The Central Government of India to repeal 1,824 obsolete laws

 

Various rules put up obstacles to functioning smooth administration and ease to do business. The Narendra Modi government will soon remove such archaic laws, which survived for years like a relic in a museum but with no relevance in modern India.

  • Like an inspector shall have well-brushed teeth. He shall be disqualified if he has a pigeon chest, knock knees, flatfeet and hammer toes. (Indian Motor Vehicles Act 1914)
  • Law which allowed the British monarch to review decisions of all Indian courts.
  • One could have been jailed if found anything worth more than Rs 10 and did not report it to a revenue officer. (Indian Treasure Trove Act, 1878)
  • toll tax cannot be more than 2 annas, a denomination not in use any more, for boats ferrying passengers across the river Ganga.
  • Kites were also aircraft and one requires to obtain (Indian Aircraft Act, 1934)
  • Another one is that policemen in few states shall to ensure that air-dropped pamphlets do not fall in their areas.
  • The government has now established a committee that shall be headed by R Ramanujam, to re-examine all Acts recommended to be repealed by Review of Administrative Laws which was set up by the Atal Bihari Vajpayee government in 1998.

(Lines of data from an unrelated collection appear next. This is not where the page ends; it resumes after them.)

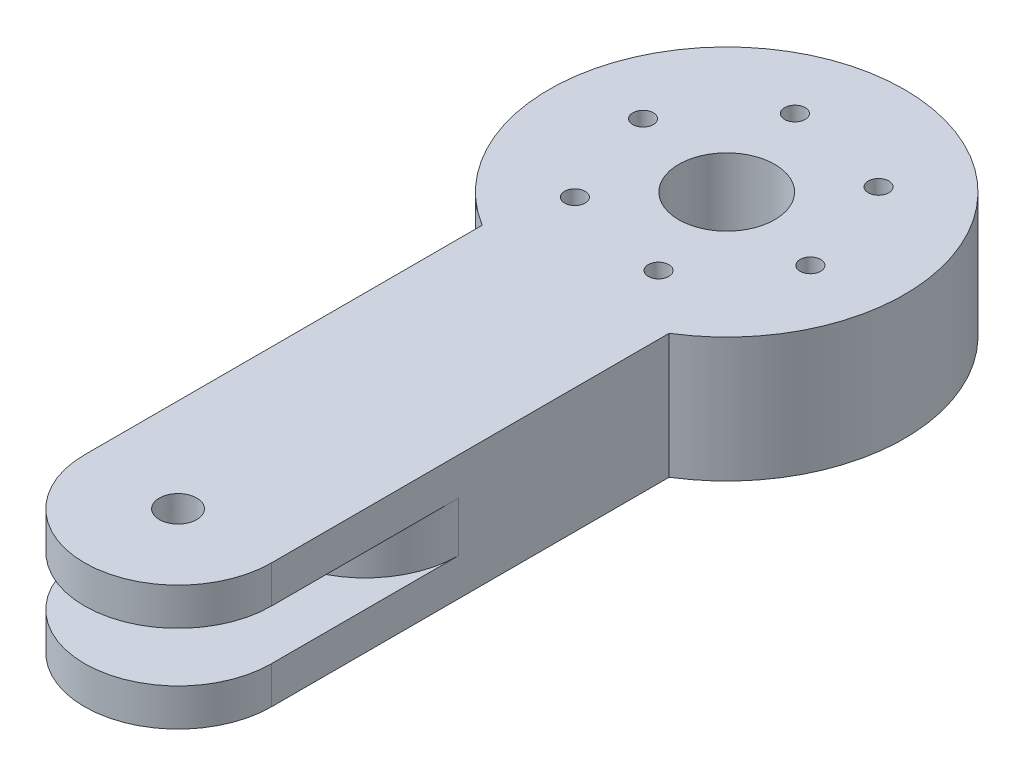
ISO-10303-21;
HEADER;
FILE_DESCRIPTION(('STEP AP214'),'2;1');
FILE_NAME('part.step','',(''),(''),'','','');
FILE_SCHEMA(('AUTOMOTIVE_DESIGN { 1 0 10303 214 1 1 1 1 }'));
ENDSEC;
DATA;
#1=APPLICATION_CONTEXT('core data for automotive mechanical design processes');
#2=APPLICATION_PROTOCOL_DEFINITION('international standard','automotive_design',2000,#1);
#3=PRODUCT_CONTEXT('',#1,'mechanical');
#4=PRODUCT('Part','Part','',(#3));
#5=PRODUCT_RELATED_PRODUCT_CATEGORY('part','',(#4));
#6=PRODUCT_DEFINITION_FORMATION('','',#4);
#7=PRODUCT_DEFINITION_CONTEXT('part definition',#1,'design');
#8=PRODUCT_DEFINITION('design','',#6,#7);
#9=PRODUCT_DEFINITION_SHAPE('','',#8);
#10=(LENGTH_UNIT() NAMED_UNIT(*) SI_UNIT(.MILLI.,.METRE.));
#11=(NAMED_UNIT(*) PLANE_ANGLE_UNIT() SI_UNIT($,.RADIAN.));
#12=(NAMED_UNIT(*) SI_UNIT($,.STERADIAN.) SOLID_ANGLE_UNIT());
#13=UNCERTAINTY_MEASURE_WITH_UNIT(LENGTH_MEASURE(1.E-05),#10,'distance_accuracy_value','');
#14=(GEOMETRIC_REPRESENTATION_CONTEXT(3) GLOBAL_UNCERTAINTY_ASSIGNED_CONTEXT((#13)) GLOBAL_UNIT_ASSIGNED_CONTEXT((#10,
#11,#12)) REPRESENTATION_CONTEXT('',''));
#15=CARTESIAN_POINT('',(0.,0.,0.));
#16=DIRECTION('',(0.,0.,1.));
#17=DIRECTION('',(1.,0.,0.));
#18=AXIS2_PLACEMENT_3D('',#15,#16,#17);
#19=CARTESIAN_POINT('',(-40.1251907915707,30.,10.8244572711556));
#20=DIRECTION('',(0.,-1.,0.));
#21=DIRECTION('',(0.,0.,-1.));
#22=AXIS2_PLACEMENT_3D('',#19,#20,#21);
#23=CYLINDRICAL_SURFACE('',#22,28.4999999999997);
#24=CARTESIAN_POINT('',(-40.1251907915707,10.,10.8244572711556));
#25=DIRECTION('',(0.,1.,0.));
#26=DIRECTION('',(0.,0.,1.));
#27=AXIS2_PLACEMENT_3D('',#24,#25,#26);
#28=CIRCLE('',#27,28.4999999999997);
#29=CARTESIAN_POINT('',(-25.1251907915707,10.,35.0576989032604));
#30=VERTEX_POINT('',#29);
#31=CARTESIAN_POINT('',(-55.1251907915709,10.,35.0576989032603));
#32=VERTEX_POINT('',#31);
#33=EDGE_CURVE('E181',#30,#32,#28,.T.);
#34=ORIENTED_EDGE('',*,*,#33,.T.);
#35=DIRECTION('',(0.,1.,0.));
#36=VECTOR('',#35,1.);
#37=CARTESIAN_POINT('',(-55.1251907915709,24.,35.0576989032603));
#38=LINE('',#37,#36);
#39=CARTESIAN_POINT('',(-55.1251907915709,30.,35.0576989032603));
#40=VERTEX_POINT('',#39);
#41=EDGE_CURVE('E60',#32,#40,#38,.T.);
#42=ORIENTED_EDGE('',*,*,#41,.T.);
#43=CARTESIAN_POINT('',(-40.1251907915707,30.,10.8244572711556));
#44=DIRECTION('',(0.,1.,0.));
#45=DIRECTION('',(0.,0.,1.));
#46=AXIS2_PLACEMENT_3D('',#43,#44,#45);
#47=CIRCLE('',#46,28.4999999999997);
#48=CARTESIAN_POINT('',(-25.1251907915709,30.,35.0576989032606));
#49=VERTEX_POINT('',#48);
#50=EDGE_CURVE('E11',#49,#40,#47,.T.);
#51=ORIENTED_EDGE('',*,*,#50,.F.);
#52=DIRECTION('',(0.,1.,0.));
#53=VECTOR('',#52,1.);
#54=CARTESIAN_POINT('',(-25.1251907915709,24.,35.0576989032606));
#55=LINE('',#54,#53);
#56=EDGE_CURVE('E67',#30,#49,#55,.T.);
#57=ORIENTED_EDGE('',*,*,#56,.F.);
#58=EDGE_LOOP('',(#34,#42,#51,#57));
#59=FACE_BOUND('',#58,.T.);
#60=ADVANCED_FACE('F43',(#59),#23,.T.);
#61=CARTESIAN_POINT('',(0.,24.,0.));
#62=DIRECTION('',(0.,1.,0.));
#63=DIRECTION('',(0.,0.,1.));
#64=AXIS2_PLACEMENT_3D('',#61,#62,#63);
#65=PLANE('',#64);
#66=CARTESIAN_POINT('',(-40.1257253954097,24.,98.8227105650031));
#67=DIRECTION('',(0.,1.,0.));
#68=DIRECTION('',(0.,0.,1.));
#69=AXIS2_PLACEMENT_3D('',#66,#67,#68);
#70=CIRCLE('',#69,3.);
#71=CARTESIAN_POINT('',(-40.1257253954097,24.,101.822710565003));
#72=VERTEX_POINT('',#71);
#73=EDGE_CURVE('E140',#72,#72,#70,.T.);
#74=ORIENTED_EDGE('',*,*,#73,.T.);
#75=EDGE_LOOP('',(#74));
#76=FACE_BOUND('',#75,.T.);
#77=CARTESIAN_POINT('',(-40.1251907915707,24.,68.824205806814));
#78=DIRECTION('',(0.,-1.,0.));
#79=DIRECTION('',(0.,0.,-1.));
#80=AXIS2_PLACEMENT_3D('',#77,#78,#79);
#81=CIRCLE('',#80,15.);
#82=CARTESIAN_POINT('',(-25.1251907915708,24.,68.8242058068139));
#83=VERTEX_POINT('',#82);
#84=CARTESIAN_POINT('',(-55.1251907915708,24.,68.8242058068141));
#85=VERTEX_POINT('',#84);
#86=EDGE_CURVE('E130',#83,#85,#81,.T.);
#87=ORIENTED_EDGE('',*,*,#86,.F.);
#88=DIRECTION('',(0.,0.,-1.));
#89=VECTOR('',#88,1.);
#90=CARTESIAN_POINT('',(-25.1251907915711,24.,0.));
#91=LINE('',#90,#89);
#92=CARTESIAN_POINT('',(-25.1251907915707,24.,98.8244572711556));
#93=VERTEX_POINT('',#92);
#94=EDGE_CURVE('E162',#93,#83,#91,.T.);
#95=ORIENTED_EDGE('',*,*,#94,.F.);
#96=CARTESIAN_POINT('',(-40.1251907915707,24.,98.8244572711556));
#97=DIRECTION('',(0.,1.,0.));
#98=DIRECTION('',(0.,0.,1.));
#99=AXIS2_PLACEMENT_3D('',#96,#97,#98);
#100=CIRCLE('',#99,15.);
#101=CARTESIAN_POINT('',(-55.1251907915707,24.,98.8244572711556));
#102=VERTEX_POINT('',#101);
#103=EDGE_CURVE('E158',#102,#93,#100,.T.);
#104=ORIENTED_EDGE('',*,*,#103,.F.);
#105=DIRECTION('',(0.,0.,-1.));
#106=VECTOR('',#105,1.);
#107=CARTESIAN_POINT('',(-55.1251907915711,24.,1.91953480528407E-13));
#108=LINE('',#107,#106);
#109=EDGE_CURVE('E156',#102,#85,#108,.T.);
#110=ORIENTED_EDGE('',*,*,#109,.T.);
#111=EDGE_LOOP('',(#87,#95,#104,#110));
#112=FACE_BOUND('',#111,.T.);
#113=ADVANCED_FACE('F230',(#76,#112),#65,.F.);
#114=CARTESIAN_POINT('',(-51.5859810452072,30.,23.7168110811525));
#115=DIRECTION('',(0.,-1.,0.));
#116=DIRECTION('',(0.,0.,-1.));
#117=AXIS2_PLACEMENT_3D('',#114,#115,#116);
#118=CYLINDRICAL_SURFACE('',#117,1.65000000000003);
#119=CARTESIAN_POINT('',(-51.5859810452072,30.,23.7168110811525));
#120=DIRECTION('',(0.,1.,0.));
#121=DIRECTION('',(0.,0.,1.));
#122=AXIS2_PLACEMENT_3D('',#119,#120,#121);
#123=CIRCLE('',#122,1.65000000000003);
#124=CARTESIAN_POINT('',(-51.5859810452072,30.,25.3668110811525));
#125=VERTEX_POINT('',#124);
#126=EDGE_CURVE('E52',#125,#125,#123,.T.);
#127=ORIENTED_EDGE('',*,*,#126,.T.);
#128=EDGE_LOOP('',(#127));
#129=FACE_BOUND('',#128,.T.);
#130=CARTESIAN_POINT('',(-51.5859810452072,10.,23.7168110811525));
#131=DIRECTION('',(0.,1.,0.));
#132=DIRECTION('',(0.,0.,1.));
#133=AXIS2_PLACEMENT_3D('',#130,#131,#132);
#134=CIRCLE('',#133,1.65000000000003);
#135=CARTESIAN_POINT('',(-51.5859810452072,10.,25.3668110811525));
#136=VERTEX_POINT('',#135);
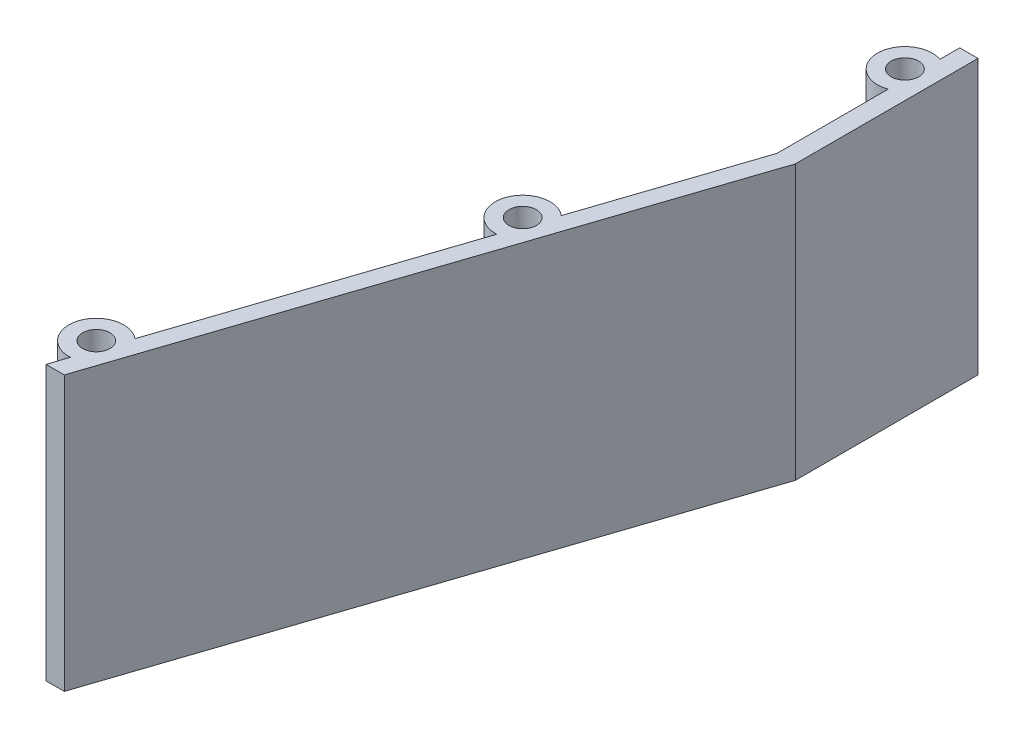
ISO-10303-21;
HEADER;
FILE_DESCRIPTION(('STEP AP214'),'2;1');
FILE_NAME('part.step','',(''),(''),'','','');
FILE_SCHEMA(('AUTOMOTIVE_DESIGN { 1 0 10303 214 1 1 1 1 }'));
ENDSEC;
DATA;
#1=APPLICATION_CONTEXT('core data for automotive mechanical design processes');
#2=APPLICATION_PROTOCOL_DEFINITION('international standard','automotive_design',2000,#1);
#3=PRODUCT_CONTEXT('',#1,'mechanical');
#4=PRODUCT('Part','Part','',(#3));
#5=PRODUCT_RELATED_PRODUCT_CATEGORY('part','',(#4));
#6=PRODUCT_DEFINITION_FORMATION('','',#4);
#7=PRODUCT_DEFINITION_CONTEXT('part definition',#1,'design');
#8=PRODUCT_DEFINITION('design','',#6,#7);
#9=PRODUCT_DEFINITION_SHAPE('','',#8);
#10=(LENGTH_UNIT() NAMED_UNIT(*) SI_UNIT(.MILLI.,.METRE.));
#11=(NAMED_UNIT(*) PLANE_ANGLE_UNIT() SI_UNIT($,.RADIAN.));
#12=(NAMED_UNIT(*) SI_UNIT($,.STERADIAN.) SOLID_ANGLE_UNIT());
#13=UNCERTAINTY_MEASURE_WITH_UNIT(LENGTH_MEASURE(1.E-05),#10,'distance_accuracy_value','');
#14=(GEOMETRIC_REPRESENTATION_CONTEXT(3) GLOBAL_UNCERTAINTY_ASSIGNED_CONTEXT((#13)) GLOBAL_UNIT_ASSIGNED_CONTEXT((#10,
#11,#12)) REPRESENTATION_CONTEXT('',''));
#15=CARTESIAN_POINT('',(0.,0.,0.));
#16=DIRECTION('',(0.,0.,1.));
#17=DIRECTION('',(1.,0.,0.));
#18=AXIS2_PLACEMENT_3D('',#15,#16,#17);
#19=CARTESIAN_POINT('',(-7.82894432683504,30.,20.));
#20=DIRECTION('',(0.,1.,0.));
#21=DIRECTION('',(0.,0.,1.));
#22=AXIS2_PLACEMENT_3D('',#19,#20,#21);
#23=PLANE('',#22);
#24=CARTESIAN_POINT('',(-1.,30.,-15.));
#25=DIRECTION('',(0.,1.,0.));
#26=DIRECTION('',(0.,0.,1.));
#27=AXIS2_PLACEMENT_3D('',#24,#25,#26);
#28=CIRCLE('',#27,1.5);
#29=CARTESIAN_POINT('',(-1.,30.,-13.5));
#30=VERTEX_POINT('',#29);
#31=EDGE_CURVE('E294',#30,#30,#28,.T.);
#32=ORIENTED_EDGE('',*,*,#31,.F.);
#33=EDGE_LOOP('',(#32));
#34=FACE_BOUND('',#33,.T.);
#35=DIRECTION('',(0.,0.,1.));
#36=VECTOR('',#35,1.);
#37=CARTESIAN_POINT('',(0.,30.,-12.1715728752538));
#38=LINE('',#37,#36);
#39=CARTESIAN_POINT('',(0.,30.,-12.1715728752538));
#40=VERTEX_POINT('',#39);
#41=CARTESIAN_POINT('',(0.,30.,0.));
#42=VERTEX_POINT('',#41);
#43=EDGE_CURVE('E185',#40,#42,#38,.T.);
#44=ORIENTED_EDGE('',*,*,#43,.T.);
#45=DIRECTION('',(-0.316227766016838,0.,0.948683298050514));
#46=VECTOR('',#45,1.);
#47=CARTESIAN_POINT('',(0.,30.,0.));
#48=LINE('',#47,#46);
#49=CARTESIAN_POINT('',(-5.90061332234473,30.,17.7018399670342));
#50=VERTEX_POINT('',#49);
#51=EDGE_CURVE('E113',#42,#50,#48,.T.);
#52=ORIENTED_EDGE('',*,*,#51,.T.);
#53=CARTESIAN_POINT('',(-7.82894432683504,30.,20.));
#54=DIRECTION('',(0.,1.,0.));
#55=DIRECTION('',(0.,0.,1.));
#56=AXIS2_PLACEMENT_3D('',#53,#54,#55);
#57=CIRCLE('',#56,3.);
#58=CARTESIAN_POINT('',(-7.66517554302228,30.,22.9955266290668));
#59=VERTEX_POINT('',#58);
#60=EDGE_CURVE('E212',#50,#59,#57,.T.);
#61=ORIENTED_EDGE('',*,*,#60,.T.);
#62=DIRECTION('',(-0.316227766016838,0.,0.948683298050514));
#63=VECTOR('',#62,1.);
#64=CARTESIAN_POINT('',(-7.66517554302228,30.,22.9955266290668));
#65=LINE('',#64,#63);
#66=CARTESIAN_POINT('',(-17.5672799890114,30.,52.7018399670342));
#67=VERTEX_POINT('',#66);
#68=EDGE_CURVE('E231',#59,#67,#65,.T.);
#69=ORIENTED_EDGE('',*,*,#68,.T.);
#70=CARTESIAN_POINT('',(-19.4956109935017,30.,55.));
#71=DIRECTION('',(0.,1.,0.));
#72=DIRECTION('',(0.,0.,1.));
#73=AXIS2_PLACEMENT_3D('',#70,#71,#72);
#74=CIRCLE('',#73,3.);
#75=CARTESIAN_POINT('',(-19.3318422096889,30.,57.9955266290668));
#76=VERTEX_POINT('',#75);
#77=EDGE_CURVE('E228',#67,#76,#74,.T.);
#78=ORIENTED_EDGE('',*,*,#77,.T.);
#79=DIRECTION('',(-0.316227766016838,0.,0.948683298050514));
#80=VECTOR('',#79,1.);
#81=CARTESIAN_POINT('',(-19.3318422096889,30.,57.9955266290668));
#82=LINE('',#81,#80);
#83=CARTESIAN_POINT('',(-20.,30.,60.));
#84=VERTEX_POINT('',#83);
#85=EDGE_CURVE('E230',#76,#84,#82,.T.);
#86=ORIENTED_EDGE('',*,*,#85,.T.);
#87=DIRECTION('',(1.,0.,0.));
#88=VECTOR('',#87,1.);
#89=CARTESIAN_POINT('',(-20.,30.,60.));
#90=LINE('',#89,#88);
#91=CARTESIAN_POINT('',(-18.,30.,60.));
#92=VERTEX_POINT('',#91);
#93=EDGE_CURVE('E233',#84,#92,#90,.T.);
#94=ORIENTED_EDGE('',*,*,#93,.T.);
#95=DIRECTION('',(0.316227766016838,0.,-0.948683298050514));
#96=VECTOR('',#95,1.);
#97=CARTESIAN_POINT('',(-18.,30.,60.));
#98=LINE('',#97,#96);
#99=CARTESIAN_POINT('',(2.,30.,0.));
#100=VERTEX_POINT('',#99);
#101=EDGE_CURVE('E239',#92,#100,#98,.T.);
#102=ORIENTED_EDGE('',*,*,#101,.T.);
#103=DIRECTION('',(0.,0.,-1.));
#104=VECTOR('',#103,1.);
#105=CARTESIAN_POINT('',(2.,30.,0.));
#106=LINE('',#105,#104);
#107=CARTESIAN_POINT('',(2.,30.,-20.));
#108=VERTEX_POINT('',#107);
#109=EDGE_CURVE('E144',#100,#108,#106,.T.);
#110=ORIENTED_EDGE('',*,*,#109,.T.);
#111=DIRECTION('',(-1.,0.,0.));
#112=VECTOR('',#111,1.);
#113=CARTESIAN_POINT('',(2.,30.,-20.));
#114=LINE('',#113,#112);
#115=CARTESIAN_POINT('',(0.,30.,-20.));
#116=VERTEX_POINT('',#115);
#117=EDGE_CURVE('E138',#108,#116,#114,.T.);
#118=ORIENTED_EDGE('',*,*,#117,.T.);
#119=DIRECTION('',(0.,0.,1.));
#120=VECTOR('',#119,1.);
#121=CARTESIAN_POINT('',(0.,30.,-20.));
#122=LINE('',#121,#120);
#123=CARTESIAN_POINT('',(0.,30.,-17.8284271247462));
#124=VERTEX_POINT('',#123);
#125=EDGE_CURVE('E142',#116,#124,#122,.T.);
#126=ORIENTED_EDGE('',*,*,#125,.T.);
#127=CARTESIAN_POINT('',(-1.,30.,-15.));
#128=DIRECTION('',(0.,1.,0.));
#129=DIRECTION('',(0.,0.,1.));
#130=AXIS2_PLACEMENT_3D('',#127,#128,#129);
#131=CIRCLE('',#130,3.);
#132=EDGE_CURVE('E58',#124,#40,#131,.T.);
#133=ORIENTED_EDGE('',*,*,#132,.T.);
#134=EDGE_LOOP('',(#44,#52,#61,#69,#78,#86,#94,#102,#110,#118,#126,#133));
#135=FACE_BOUND('',#134,.T.);
#136=CARTESIAN_POINT('',(-7.82894432683504,30.,20.));
#137=DIRECTION('',(0.,1.,0.));
#138=DIRECTION('',(0.,0.,1.));
#139=AXIS2_PLACEMENT_3D('',#136,#137,#138);
#140=CIRCLE('',#139,1.5);
#141=CARTESIAN_POINT('',(-7.82894432683504,30.,21.5));
#142=VERTEX_POINT('',#141);
#143=EDGE_CURVE('E166',#142,#142,#140,.T.);
#144=ORIENTED_EDGE('',*,*,#143,.F.);
#145=EDGE_LOOP('',(#144));
#146=FACE_BOUND('',#145,.T.);
#147=CARTESIAN_POINT('',(-19.4956109935017,30.,55.));
#148=DIRECTION('',(0.,1.,0.));
#149=DIRECTION('',(0.,0.,1.));
#150=AXIS2_PLACEMENT_3D('',#147,#148,#149);
#151=CIRCLE('',#150,1.5);
#152=CARTESIAN_POINT('',(-19.4956109935017,30.,56.5));
#153=VERTEX_POINT('',#152);
#154=EDGE_CURVE('E285',#153,#153,#151,.T.);
#155=ORIENTED_EDGE('',*,*,#154,.F.);
#156=EDGE_LOOP('',(#155));
#157=FACE_BOUND('',#156,.T.);
#158=ADVANCED_FACE('F41',(#34,#135,#146,#157),#23,.T.);
#159=CARTESIAN_POINT('',(-7.82894432683504,0.,20.));
#160=DIRECTION('',(0.,1.,0.));
#161=DIRECTION('',(0.,0.,1.));
#162=AXIS2_PLACEMENT_3D('',#159,#160,#161);
#163=PLANE('',#162);
#164=DIRECTION('',(0.,0.,1.));
#165=VECTOR('',#164,1.);
#166=CARTESIAN_POINT('',(0.,0.,-12.1715728752538));
#167=LINE('',#166,#165);
#168=CARTESIAN_POINT('',(0.,0.,-12.1715728752538));
#169=VERTEX_POINT('',#168);
#170=CARTESIAN_POINT('',(0.,0.,0.));
#171=VERTEX_POINT('',#170);
#172=EDGE_CURVE('E162',#169,#171,#167,.T.);
#173=ORIENTED_EDGE('',*,*,#172,.F.);
#174=CARTESIAN_POINT('',(-1.,0.,-15.));
#175=DIRECTION('',(0.,1.,0.));
#176=DIRECTION('',(0.,0.,1.));
#177=AXIS2_PLACEMENT_3D('',#174,#175,#176);
#178=CIRCLE('',#177,3.);
#179=CARTESIAN_POINT('',(0.,0.,-17.8284271247462));
#180=VERTEX_POINT('',#179);
#181=EDGE_CURVE('E105',#180,#169,#178,.T.);
#182=ORIENTED_EDGE('',*,*,#181,.F.);
#183=DIRECTION('',(0.,0.,1.));
#184=VECTOR('',#183,1.);
#185=CARTESIAN_POINT('',(0.,0.,-20.));
#186=LINE('',#185,#184);
#187=CARTESIAN_POINT('',(0.,0.,-20.));
#188=VERTEX_POINT('',#187);
#189=EDGE_CURVE('E99',#188,#180,#186,.T.);
#190=ORIENTED_EDGE('',*,*,#189,.F.);
#191=DIRECTION('',(-1.,0.,0.));
#192=VECTOR('',#191,1.);
#193=CARTESIAN_POINT('',(2.,0.,-20.));
#194=LINE('',#193,#192);
#195=CARTESIAN_POINT('',(2.,0.,-20.));
#196=VERTEX_POINT('',#195);
#197=EDGE_CURVE('E152',#196,#188,#194,.T.);
#198=ORIENTED_EDGE('',*,*,#197,.F.);
#199=DIRECTION('',(0.,0.,-1.));
#200=VECTOR('',#199,1.);
#201=CARTESIAN_POINT('',(2.,0.,0.));
#202=LINE('',#201,#200);
#203=CARTESIAN_POINT('',(2.,0.,0.));
#204=VERTEX_POINT('',#203);
#205=EDGE_CURVE('E180',#204,#196,#202,.T.);
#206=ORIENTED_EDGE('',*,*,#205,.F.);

During the election campaign of 2014, Narendra Modi promised that for every law passed, his government would repeal 10 obsolete laws.

While successive governments could remove just 1,301 obsolete laws, the present central government has managed to scrape 1,200 Acts in just three years and would repeal 1,824 more obsolete central Acts, law minister Ravi Shankar Prasad opinioned.

 

Major Laws Abolished:

  • Laws on licence to kill and capture of wild elephants in certain circumstances,
  • segregation and medical treatment of lepers,
  • prohibition of pledging of labour of children (child slavery)
  • agreement with Pakistan on exchange of prisoners,
  • rules regulating recruitment of foreigners during pre-Independence period,
  • regulating the grant of titles to qualified persons in western medical science and
  • continuation of use of courts for those who migrated to Pakistan and power to regulate prices of newspapers in Bengal, Assam and Punjab.